Top of Study material
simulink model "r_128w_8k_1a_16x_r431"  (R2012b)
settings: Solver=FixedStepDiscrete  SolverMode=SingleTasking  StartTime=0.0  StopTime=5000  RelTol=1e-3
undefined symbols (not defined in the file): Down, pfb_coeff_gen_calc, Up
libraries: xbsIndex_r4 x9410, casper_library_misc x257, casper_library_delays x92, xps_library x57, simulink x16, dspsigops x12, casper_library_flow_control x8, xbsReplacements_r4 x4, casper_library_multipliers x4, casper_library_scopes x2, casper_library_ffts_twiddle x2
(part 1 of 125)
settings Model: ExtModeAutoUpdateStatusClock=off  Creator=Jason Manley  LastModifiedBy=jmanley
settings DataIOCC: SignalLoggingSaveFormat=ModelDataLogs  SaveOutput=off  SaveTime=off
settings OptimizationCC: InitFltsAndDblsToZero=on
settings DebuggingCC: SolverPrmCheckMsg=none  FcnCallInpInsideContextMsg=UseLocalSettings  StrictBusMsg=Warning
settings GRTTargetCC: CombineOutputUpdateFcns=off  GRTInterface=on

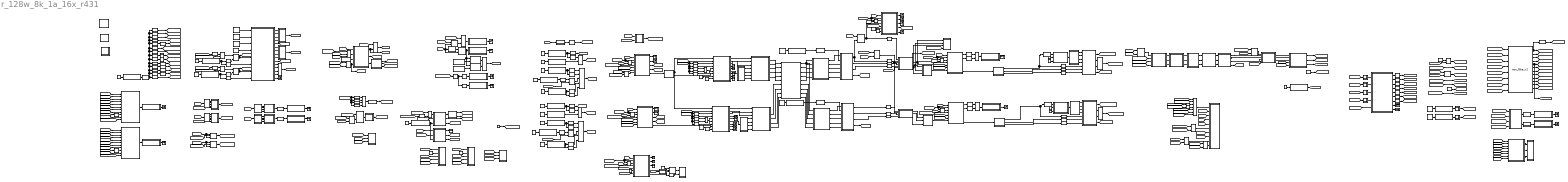
== system r_128w_8k_1a_16x_r431 ==
  note: * A resync command will cause the sync_gen to stop issuing sync pulses.
      | * It will then ignore the next input trigger (1PPS), while sync is flushed through the DSP pipeline.
      | * It will then lock onto the next trigger (1PPS) and issue a sync.
      | * Need a multiple of (pfb_fir taps*LCM(FFT reorder orders) *fft bins/parallel inputs =)
      | (4 * LCM(2,2,2,9) * 2048 / 4) = 9216) for sync_period for simulation
  note: coarse delay logic
  note: Prevent saturation
      | in first stage of FFT
      | by shifting down.
  note: Controls whether there is
      | a shift to the right after
      | multiplication at the
      | respective stage in the
      | fft to prevent
      | overflow.
  note: requantisation
      | to 4 bits
  note: polyphase FIR and FFT
  note: Accept 32 data words from ibob,
      | plus a 1 word header,
      | creating UDP packets of length 33 x 64 bits.
      | This block generates the destination IP address.
  note: Fine delay tracking and
      | fringe stopping
  note: delay tracking and
      | fringe stopping registers
  note: clock and synchronisation
      | info
  note: transient event/RFI debugging infrastructure
  note: data alignment infrastructure to
      | align to within one clock cycle
      | using PPS
  note: input power estimation
      | infrastructure
  note: ADC protection
      | infrastructure
  note: data reordering
  note: packet formation
  note: comms
  note: outputs value to GPIO pin to
      | prove timed register functionality
  note: tvg that can be activated at
      | specific time in data stream
  note: r431 2013-05-17
      | - 8k mode based on r430 1k mode
      | - 4taps
      | - new PFB
      | - new snap blocks
      | - new shared bram
      | - removed snap_xaui and snap_quant to save BRAM
  " System Generator" : xbsIndex_r4/ System Generator  Tag=genX  xilinxfamily=virtex5  part=xc5vsx95t  speed=-1  package=ff1136  synthesis_tool=XST  clock_wrapper=Clock Enables  directory=./r_128w_8k_1a_16x_r431/sysgen  proj_type=Project Navigator  Synth_file=XST Defaults  Impl_file=ISE Defaults  testbench=off  simulink_period=1  sysclk_period=5  dcm_input_clock_period=100  incr_netlist=off  trim_vbits=Everywhere in SubSystem  dbl_ovrd=According to Block Masks  core_generation=According to Block Masks  run_coregen=off  deprecated_control=off  eval_field=0  block_type=sysgen
      settings: block_version=10.1.3
  AddSub : xbsIndex_r4/AddSub  mode=Addition  use_carryin=off  use_carryout=off  en=off  latency=1  precision=User Defined  arith_type=Unsigned  n_bits=15  bin_pt=0  quantization=Truncate  overflow=Saturate  dbl_ovrd=off  use_behavioral_HDL=off  hw_selection=DSP48  pipelined=on  block_type=addsub
  AddSub1 : xbsIndex_r4/AddSub  mode=Addition  use_carryin=off  use_carryout=off  en=off  latency=1  precision=User Defined  arith_type=Unsigned  n_bits=15  bin_pt=0  quantization=Truncate  overflow=Saturate  dbl_ovrd=off  use_behavioral_HDL=off  hw_selection=DSP48  pipelined=on  block_type=addsub
  Concat : xbsIndex_r4/Concat  num_inputs=3  dbl_ovrd=off  block_type=concat
      settings: block_version=10.1.3
  Concat1 : xbsIndex_r4/Concat  num_inputs=5  dbl_ovrd=off  block_type=concat
      settings: block_version=10.1.3
  Concat{2..7,9..10,13..14,21} (11 alike) : xbsIndex_r4/Concat  num_inputs=2  dbl_ovrd=off  block_type=concat
      Concat13 settings: block_version=10.1.3
      Concat14 settings: block_version=10.1.3
      Concat2 settings: block_version=10.1.3
      Concat3 settings: block_version=10.1.3
      Concat7 settings: block_version=10.1.3
      Concat9 settings: block_version=10.1.3
  Concat22 : xbsIndex_r4/Concat  num_inputs=5  dbl_ovrd=off  block_type=concat
      settings: block_version=10.1.3
  Concat8 : xbsIndex_r4/Concat  num_inputs=4  dbl_ovrd=off  block_type=concat
  Constant : Constant  SampleTime=1/4
  Constant1 : xbsIndex_r4/Constant  const=1  gui_display_data_type=Fixed-point  arith_type=Boolean  n_bits=1  bin_pt=0  preci_type=Single  exp_width=8  frac_width=24  explicit_period=off  period=1  equ=P=C  opselect=C  inp2=PCIN>>17  opr=+  inp1=P  carry=CIN  dbl_ovrd=off  block_type=constant
      settings: block_version=11.4
  Constant10 : xbsIndex_r4/Constant  const=0  gui_display_data_type=Fixed-point  arith_type=Unsigned  n_bits=64  bin_pt=0  preci_type=Single  exp_width=8  frac_width=24  explicit_period=off  period=1  equ=P=C  opselect=C  inp2=PCIN>>17  opr=+  inp1=P  carry=CIN  dbl_ovrd=off  block_type=constant
      settings: block_version=11.4
  Constant11 : xbsIndex_r4/Constant  const=0  gui_display_data_type=Fixed-point  arith_type=Boolean  n_bits=64  bin_pt=0  preci_type=Single  exp_width=8  frac_width=24  explicit_period=off  period=1  equ=P=C  opselect=C  inp2=PCIN>>17  opr=+  inp1=P  carry=CIN  dbl_ovrd=off  block_type=constant
      settings: block_version=11.4
  Constant{4,8,12,15..16,32} (6 alike) : Constant  Value=8
  Constant{3,9,13,18,27,33,40,48} (8 alike) : Constant  Value=0
  Constant{14,19..20,22,35} (5 alike) : xbsIndex_r4/Constant  const=0  gui_display_data_type=Fixed-point  arith_type=Boolean  n_bits=1  bin_pt=0  preci_type=Single  exp_width=8  frac_width=24  explicit_period=on  period=1  equ=P=C  opselect=C  inp2=PCIN>>17  opr=+  inp1=P  carry=CIN  dbl_ovrd=off  block_type=constant
      Constant14 settings: block_version=11.4
      Constant19 settings: block_version=11.4
      Constant20 settings: block_version=11.3
      Constant22 settings: block_version=11.4
      Constant35 settings: block_version=11.4
  Constant17 : xbsIndex_r4/Constant  const=0  gui_display_data_type=Fixed-point  arith_type=Unsigned  n_bits=1  bin_pt=0  preci_type=Single  exp_width=8  frac_width=24  explicit_period=on  period=1  equ=P=C  opselect=C  inp2=PCIN>>17  opr=+  inp1=P  carry=CIN  dbl_ovrd=off  block_type=constant
      settings: block_version=11.4
  Constant2 : xbsIndex_r4/Constant  const=12*2*8192*2^14  gui_display_data_type=Fixed-point  arith_type=Unsigned  n_bits=32  bin_pt=0  preci_type=Single  exp_width=8  frac_width=24  explicit_period=off  period=1  equ=P=C  opselect=C  inp2=PCIN>>17  opr=+  inp1=P  carry=CIN  dbl_ovrd=off  block_type=constant
  Constant21 : xbsIndex_r4/Constant  const=0  gui_display_data_type=Fixed-point  arith_type=Unsigned  n_bits=1  bin_pt=0  preci_type=Single  exp_width=8  frac_width=24  explicit_period=on  period=1  equ=P=C  opselect=C  inp2=PCIN>>17  opr=+  inp1=P  carry=CIN  dbl_ovrd=off  block_type=constant
      settings: block_version=11.4
  Constant23 : xbsIndex_r4/Constant  const=0  gui_display_data_type=Boolean  arith_type=Boolean  n_bits=1  bin_pt=0  preci_type=Single  exp_width=8  frac_width=24  explicit_period=off  period=1  equ=P=C  opselect=C  inp2=PCIN>>17  opr=+  inp1=P  carry=CIN  dbl_ovrd=off  block_type=constant
      settings: block_version=11.4
  Constant24 : xbsIndex_r4/Constant  const=1  gui_display_data_type=Fixed-point  arith_type=Boolean  n_bits=1  bin_pt=0  preci_type=Single  exp_width=8  frac_width=24  explicit_period=off  period=1  equ=P=C  opselect=C  inp2=PCIN>>17  opr=+  inp1=P  carry=CIN  dbl_ovrd=off  block_type=constant
      settings: block_version=11.4
  Constant25 : Constant  Value=100
  Constant29 : Constant  Value=20
  Constant34 : xbsIndex_r4/Constant  const=0  gui_display_data_type=Fixed-point  arith_type=Boolean  n_bits=16  bin_pt=14  preci_type=Single  exp_width=8  frac_width=24  explicit_period=on  period=1  equ=P=C  opselect=C  inp2=PCIN>>17  opr=+  inp1=P  carry=CIN  dbl_ovrd=off  block_type=constant
      settings: block_version=11.4
  Constant36 : xbsIndex_r4/Constant  const=800000000/4+1  gui_display_data_type=Fixed-point  arith_type=Unsigned  n_bits=32  bin_pt=0  preci_type=Single  exp_width=8  frac_width=24  explicit_period=on  period=1  equ=P=C  opselect=C  inp2=PCIN>>17  opr=+  inp1=P  carry=CIN  dbl_ovrd=off  block_type=constant
      settings: block_version=11.4
  Constant37 : xbsIndex_r4/Constant  const=800000000/4-1  gui_display_data_type=Fixed-point  arith_type=Unsigned  n_bits=32  bin_pt=0  preci_type=Single  exp_width=8  frac_width=24  explicit_period=on  period=1  equ=P=C  opselect=C  inp2=PCIN>>17  opr=+  inp1=P  carry=CIN  dbl_ovrd=off  block_type=constant
      settings: block_version=11.4
  Constant38 : xbsIndex_r4/Constant  const=1  gui_display_data_type=Fixed-point  arith_type=Unsigned  n_bits=1  bin_pt=0  preci_type=Single  exp_width=8  frac_width=24  explicit_period=on  period=1  equ=P=C  opselect=C  inp2=PCIN>>17  opr=+  inp1=P  carry=CIN  dbl_ovrd=off  block_type=constant
      settings: block_version=11.4
  Constant41 : xbsIndex_r4/Constant  const=0  gui_display_data_type=Fixed-point  arith_type=Unsigned  n_bits=64  bin_pt=0  preci_type=Single  exp_width=8  frac_width=24  explicit_period=off  period=1  equ=P=C  opselect=C  inp2=PCIN>>17  opr=+  inp1=P  carry=CIN  dbl_ovrd=off  block_type=constant
      settings: block_version=11.4
  Constant46 : xbsIndex_r4/Constant  const=0  gui_display_data_type=Fixed-point  arith_type=Boolean  n_bits=64  bin_pt=0  preci_type=Single  exp_width=8  frac_width=24  explicit_period=off  period=1  equ=P=C  opselect=C  inp2=PCIN>>17  opr=+  inp1=P  carry=CIN  dbl_ovrd=off  block_type=constant
      settings: block_version=11.4
  Constant5 : xbsIndex_r4/Constant  const=1  gui_display_data_type=Fixed-point  arith_type=Boolean  n_bits=1  bin_pt=0  preci_type=Single  exp_width=8  frac_width=24  explicit_period=on  period=1  equ=P=C  opselect=C  inp2=PCIN>>17  opr=+  inp1=P  carry=CIN  dbl_ovrd=off  block_type=constant
  Constant6 : Constant  Value=20
  Constant7 : xbsIndex_r4/Constant  const=0  gui_display_data_type=Fixed-point  arith_type=Boolean  n_bits=16  bin_pt=14  preci_type=Single  exp_width=8  frac_width=24  explicit_period=on  period=1  equ=P=C  opselect=C  inp2=PCIN>>17  opr=+  inp1=P  carry=CIN  dbl_ovrd=off  block_type=constant
      settings: block_version=11.4
  Convert{4..7} (4 alike) : xbsIndex_r4/Convert  gui_display_data_type=Fixed-point  arith_type=Unsigned  n_bits=16  bin_pt=0  float_type=Single  exp_bits=8  fraction_bits=24  quantization=Truncate  overflow=Wrap  en=off  latency=0  dbl_ovrd=off  pipeline=on  block_type=convert
      settings: block_version=11.4
  Counter1 : xbsIndex_r4/Counter  cnt_type=Free Running  cnt_to=Inf  operation=Up  start_count=1  cnt_by_val=1  arith_type=Unsigned  n_bits=32  bin_pt=0  load_pin=off  rst=on  en=off  explicit_period=on  period=1  dbl_ovrd=off  use_behavioral_HDL=off  implementation=Fabric  use_rpm=on  block_type=counter
  Counter2 : xbsIndex_r4/Counter  cnt_type=Free Running  cnt_to=Inf  operation=Up  start_count=0  cnt_by_val=1  arith_type=Unsigned  n_bits=12  bin_pt=0  load_pin=off  rst=on  en=off  explicit_period=on  period=1  dbl_ovrd=off  use_behavioral_HDL=off  implementation=Fabric  block_type=counter
      settings: block_version=11.4
  Counter3 : xbsIndex_r4/Counter  cnt_type=Free Running  cnt_to=Inf  operation=Up  start_count=0  cnt_by_val=1  arith_type=Unsigned  n_bits=31  bin_pt=0  load_pin=off  rst=on  en=on  explicit_period=on  period=1  dbl_ovrd=off  use_behavioral_HDL=off  implementation=DSP48  use_rpm=on  block_type=counter
  Counter8 : xbsIndex_r4/Counter  cnt_type=Free Running  cnt_to=Inf  operation=Up  start_count=0  cnt_by_val=1  arith_type=Unsigned  n_bits=12  bin_pt=0  load_pin=off  rst=on  en=off  explicit_period=on  period=1  dbl_ovrd=off  use_behavioral_HDL=off  implementation=Fabric  block_type=counter
      settings: block_version=11.4
  Delay : xbsIndex_r4/Delay  rst=off  infoeditControl=Selection of Reset will increase slice count due to use of real FFs and instead of SRLs  en=off  latency=1  dbl_ovrd=off  reg_retiming=off  block_type=delay
      settings: block_version=11.4
  Delay1 : Subsystem  AncestorBlock=casper_library/Delays/pipeline  mask(pipeline){latency=1}
      mask help:
      | An explicitly laid-out delay line to avoid mapping to SRL16s
      | for use in pipelining to help achieve timing closure.
      mask init:
      | pipeline_init(gcb, 'latency', latency);
      mask Display:
      | port_label('input', 1, 'd');
      | port_label('output', 1, 'q');
      | disp(['Z^-', num2str(latency)]);
  Delay10 : Subsystem  AncestorBlock=casper_library/Delays/pipeline  mask(pipeline){latency=1}
      mask help:
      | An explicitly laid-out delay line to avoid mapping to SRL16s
Bottom of Study material
## About this exercise
Copy the lines above exactly, beginning at the line that has "alike) : xbsIndex_r4/Concat" and stopping after the line that has "Constant : Constant", and omit the rest.

## Result of this task
  Concat{2..7,9..10,13..14,21} (11 alike) : xbsIndex_r4/Concat  num_inputs=2  dbl_ovrd=off  block_type=concat
      Concat13 settings: block_version=10.1.3
      Concat14 settings: block_version=10.1.3
      Concat2 settings: block_version=10.1.3
      Concat3 settings: block_version=10.1.3
      Concat7 settings: block_version=10.1.3
      Concat9 settings: block_version=10.1.3
  Concat22 : xbsIndex_r4/Concat  num_inputs=5  dbl_ovrd=off  block_type=concat
      settings: block_version=10.1.3
  Concat8 : xbsIndex_r4/Concat  num_inputs=4  dbl_ovrd=off  block_type=concat
  Constant : Constant  SampleTime=1/4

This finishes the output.